Distribution of particle fluctuation velocity flatness factor at bed height of 0.0762 m (ϕ = 0.670)

Figure 15 displays the flatness factor profiles for the annulus region at various bed heights. The flatness factor for four cases deviates from each other ranging from D1D3. From D4D9, the distribution for three bed heights is similar and close to Gaussian distribution. The flatness factor decreases in the range of D1D3. The flatness factor gets much closer from D4D9 and closer to the Gaussian distribution. The difference of particle shape largely changes the flatness factor for the microscale structure and hardly alters that for the mesoscale structure and macroscale structure. It is found that particle shape influences the microscale structure a lot and has a minor effect on the mesoscale structure and macroscale structure.

Fig. 15
figure 15

Flatness factor distribution at different bed heights (usp = 2.19 m/s)

4 Conclusions

In this paper, a couple of simulations were conducted using Eulerian–Eulerian approach with closures from the KTGF. Simulation results were compared with the corresponding NETL experimental data and Lungu et al. (2016)’s simulation results. The modified Gidaspow-blend drag model, which is based on the drag coefficient correlation obtained from artificial neural network in our previous paper, was employed in the simulations; simulation results agree well with the experimental data. Moreover, the effect of particle shape on the flow behavior of particles in bubbling fluidized bed was investigated.
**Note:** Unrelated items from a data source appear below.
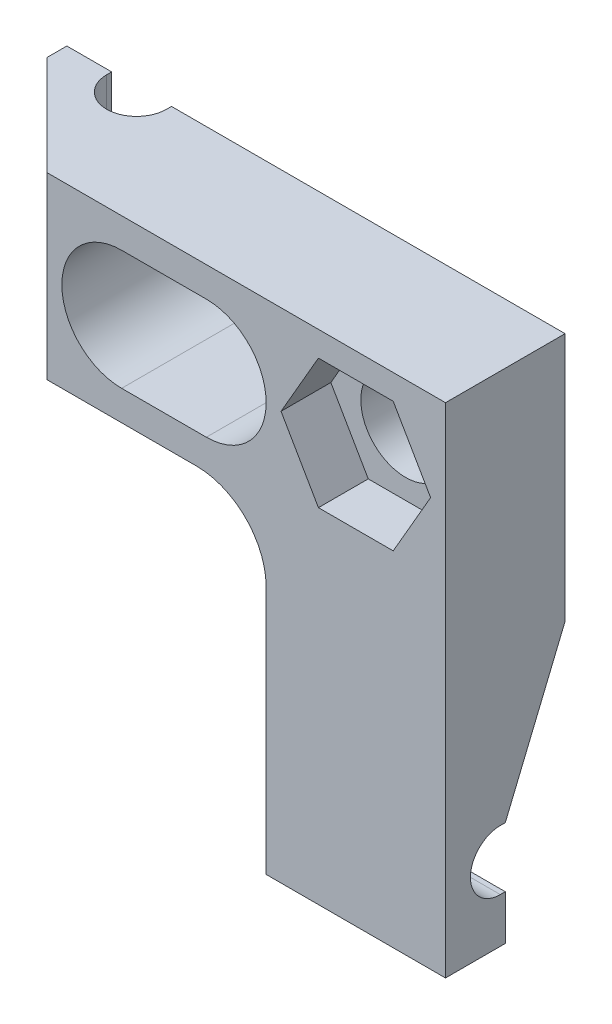
from build123d import *

# Parameters (mm, degrees)
SKIZZE2_R                       = 4.5
AUFSATZ_LINEAR_AUSTRAGEN1_DEPTH = 12
SCHNITT_LINEAR_AUSTRAGEN6_DEPTH = 5
SCHNITT_LINEAR_AUSTRAGEN1_DEPTH = 62.290292869
SCHNITT_LINEAR_AUSTRAGEN5_DEPTH = 62.290292869
SKIZZE6_W                       = 18
SKIZZE6_H                       = 25
SCHNITT_LINEAR_AUSTRAGEN7_DEPTH = 6
AUFSATZ_LINEAR_AUSTRAGEN2_DEPTH = 3
AUFSATZ_LINEAR_AUSTRAGEN3_DEPTH = 3
SCHNITT_LINEAR_AUSTRAGEN8_DEPTH = 62.290292869
FASE1_SIZE                      = 10


with BuildPart() as part:
    # Skizze2 → Aufsatz-Linear austragen1 (new body)
    with BuildSketch(Plane.XY):
        with BuildLine():
            Line((-7.5, 42.5), (-7.5, 24.5))
            Line((-7.5, 24.5), (17.5, 24.5))
            ThreePointArc((17.5, 24.5), (22.449747468, 22.449747468), (24.5, 17.5))
            Line((24.5, 17.5), (24.5, -7.5))
            Line((24.5, -7.5), (42.5, -7.5))
            Line((42.5, -7.5), (42.5, 42.5))
            Line((42.5, 42.5), (-7.5, 42.5))
        make_face()
        with Locations((33.5, 33.5)):
            Circle(SKIZZE2_R, mode=Mode.SUBTRACT)
    extrude(amount=AUFSATZ_LINEAR_AUSTRAGEN1_DEPTH)

    # Skizze5 → Schnitt-Linear austragen6 (cut)
    with BuildSketch(Plane.XY.offset(12)):
        Polygon((41.005553499, 33.5), (37.25277675, 40), (29.74722325, 40), (25.994446501, 33.5), (29.74722325, 27), (37.25277675, 27), align=None)
    extrude(amount=-SCHNITT_LINEAR_AUSTRAGEN6_DEPTH, mode=Mode.SUBTRACT)

    # Skizze3 → Schnitt-Linear austragen1 (cut, through all)
    with BuildSketch(Plane(origin=(0, 0, 0), x_dir=(1, 0, 0), z_dir=(0, 1, 0))):
        with BuildLine():
            Line((3, 4.576951254), (3, -0.5))
            ThreePointArc((3, -0.5), (0, -3.5), (-3, -0.5))
            Line((-3, -0.5), (-3, 4.576951254))
            ThreePointArc((-3, 4.576951254), (0, 7.576951254), (3, 4.576951254))
        make_face()
    extrude(amount=SCHNITT_LINEAR_AUSTRAGEN1_DEPTH, mode=Mode.SUBTRACT)

    # Skizze4 → Schnitt-Linear austragen5 (cut, through all)
    with BuildSketch(Plane(origin=(0, 0, 0), x_dir=(0, 0, -1), z_dir=(1, 0, 0))):
        with BuildLine():
            Line((-0.5, -3), (-6.5, -3))
            ThreePointArc((-6.5, -3), (-9.5, 0), (-6.5, 3))
            Line((-6.5, 3), (-0.5, 3))
            ThreePointArc((-0.5, 3), (2.5, 0), (-0.5, -3))
        make_face()
    extrude(amount=SCHNITT_LINEAR_AUSTRAGEN5_DEPTH, mode=Mode.SUBTRACT)

    # Skizze6 → Schnitt-Linear austragen7 (cut)
    with BuildSketch(Plane(origin=(0, 0, 0), x_dir=(-1, 0, 0), z_dir=(0, 0, -1))):
        with Locations((-33.5, 5)):
            Rectangle(SKIZZE6_W, SKIZZE6_H)
    extrude(amount=-SCHNITT_LINEAR_AUSTRAGEN7_DEPTH, mode=Mode.SUBTRACT)

    # Skizze7 → Aufsatz-Linear austragen2 (add)
    with BuildSketch(Plane(origin=(42.5, 0, 0), x_dir=(0, 0, -1), z_dir=(1, 0, 0))):
        Polygon((-6, 3), (-6, 17.5), (0, 17.5), align=None)
    extrude(amount=-AUFSATZ_LINEAR_AUSTRAGEN2_DEPTH)

    # Skizze8 → Aufsatz-Linear austragen3 (add)
    with BuildSketch(Plane.ZY.offset(-24.5)):
        Polygon((6, 3), (6, 17.5), (0, 17.5), align=None)
    extrude(amount=-AUFSATZ_LINEAR_AUSTRAGEN3_DEPTH)

    # Skizze9 → Schnitt-Linear austragen8 (cut, through all)
    with BuildSketch(Plane(origin=(0, 0, 0), x_dir=(-1, 0, 0), z_dir=(0, 0, -1))):
        with BuildLine():
            Line((-18.5, 39.5), (-10, 39.5))
            ThreePointArc((-10, 39.5), (-4, 33.5), (-10, 27.5))
            Line((-10, 27.5), (-18.5, 27.5))
            ThreePointArc((-18.5, 27.5), (-24.5, 33.5), (-18.5, 39.5))
        make_face()
    extrude(amount=-SCHNITT_LINEAR_AUSTRAGEN8_DEPTH, mode=Mode.SUBTRACT)

    # Fase1
    fase1_edges = [part.edges().sort_by_distance(p)[0] for p in [
        (-7.5, 33.5, 12),
    ]]
    chamfer(fase1_edges, length=FASE1_SIZE)


solid = part.part
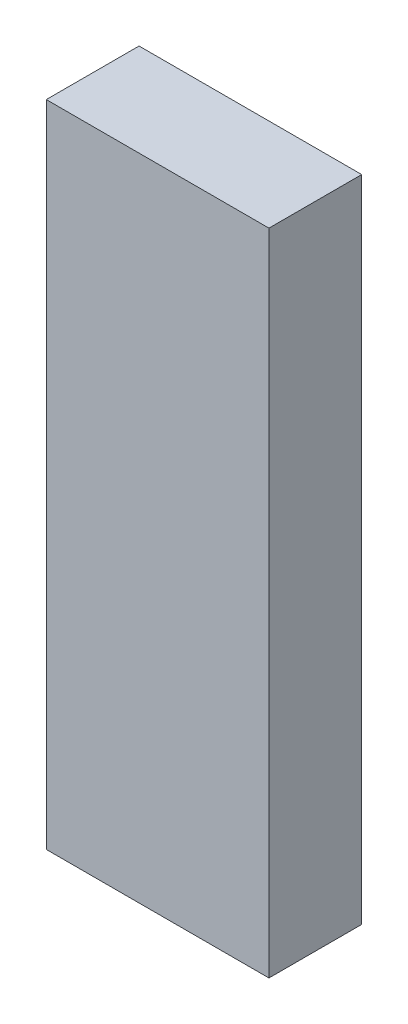
from build123d import *

# Parameters (mm, degrees)
SKETCH1_W           = 12
SKETCH1_H           = 35
BOSS_EXTRUDE1_DEPTH = 5


with BuildPart() as part:
    # Sketch1 → Boss-Extrude1 (new body)
    with BuildSketch(Plane.XY):
        Rectangle(SKETCH1_W, SKETCH1_H)
    extrude(amount=BOSS_EXTRUDE1_DEPTH)


solid = part.part
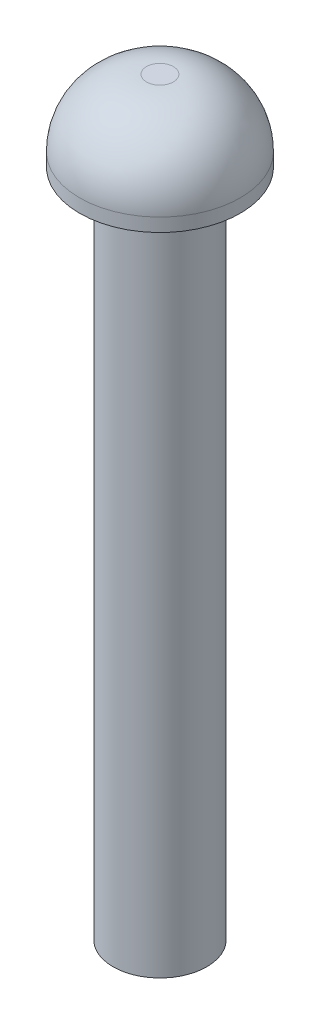
from build123d import *

# Parameters (mm, degrees)
CROQUIS1_R              = 1.75
SALIENTE_EXTRUIR1_DEPTH = 25
CROQUIS2_R              = 3
SALIENTE_EXTRUIR2_DEPTH = 3
REDONDEO1_R             = 2.5


with BuildPart() as part:
    # Croquis1 → Saliente-Extruir1 (new body)
    with BuildSketch(Plane(origin=(0, 0, 0), x_dir=(1, 0, 0), z_dir=(0, 1, 0))):
        with Locations(Location((0, 0, 0), (0, 0, 270))):
            Circle(CROQUIS1_R)
    extrude(amount=SALIENTE_EXTRUIR1_DEPTH)

    # Croquis2 → Saliente-Extruir2 (add)
    with BuildSketch(Plane(origin=(0, 25, 0), x_dir=(1, 0, 0), z_dir=(0, 1, 0))):
        with Locations(Location((0, 0, 0), (0, 0, 270))):
            Circle(CROQUIS2_R)
    extrude(amount=SALIENTE_EXTRUIR2_DEPTH)

    # Redondeo1
    redondeo1_edges = [part.edges().sort_by_distance(p)[0] for p in [
        (0, 28, -3),
    ]]
    fillet(redondeo1_edges, radius=REDONDEO1_R)


solid = part.part

The main conclusions can be drawn as follows:

  1. (1)

    Two-fluid model, which is coupled with the modified drag model based on the drag coefficient obtained from the RBFNN method, can reasonably predict the flow behavior of non-spherical particles.

  2. (2)

    Particles with lower sphericities have larger vertical particle velocity. The particle shape has a weak influence on the random and fluctuating behavior of the particle velocities. In the fluidized bed, the particles move more violently on the top of the bed, but move weakly at the center and the bottom of the bed. The lower the particle sphericity is, the larger the bed expansion is.

  3. (3)

    Particle shape can change the velocity distribution and particle granular temperature distribution, which is on the particle-scale level. Particle shape has a strong influence on the flatness factor distribution in the microscale structure and a minor influence in the mesoscale structure and macroscale structure.

This work can be a reference for the application of the drag coefficient correlation in the fluidization process of non-spherical particles. The modified drag model can facilitate the simulation of complex process of multiphase flow in the process of petroleum engineering. Theoretically, the proposed drag coefficient correlation can be applied to the entire range of Reynolds number. However, it needs to be further validated under different Reynolds number and sphericities, which will be conducted in our future work.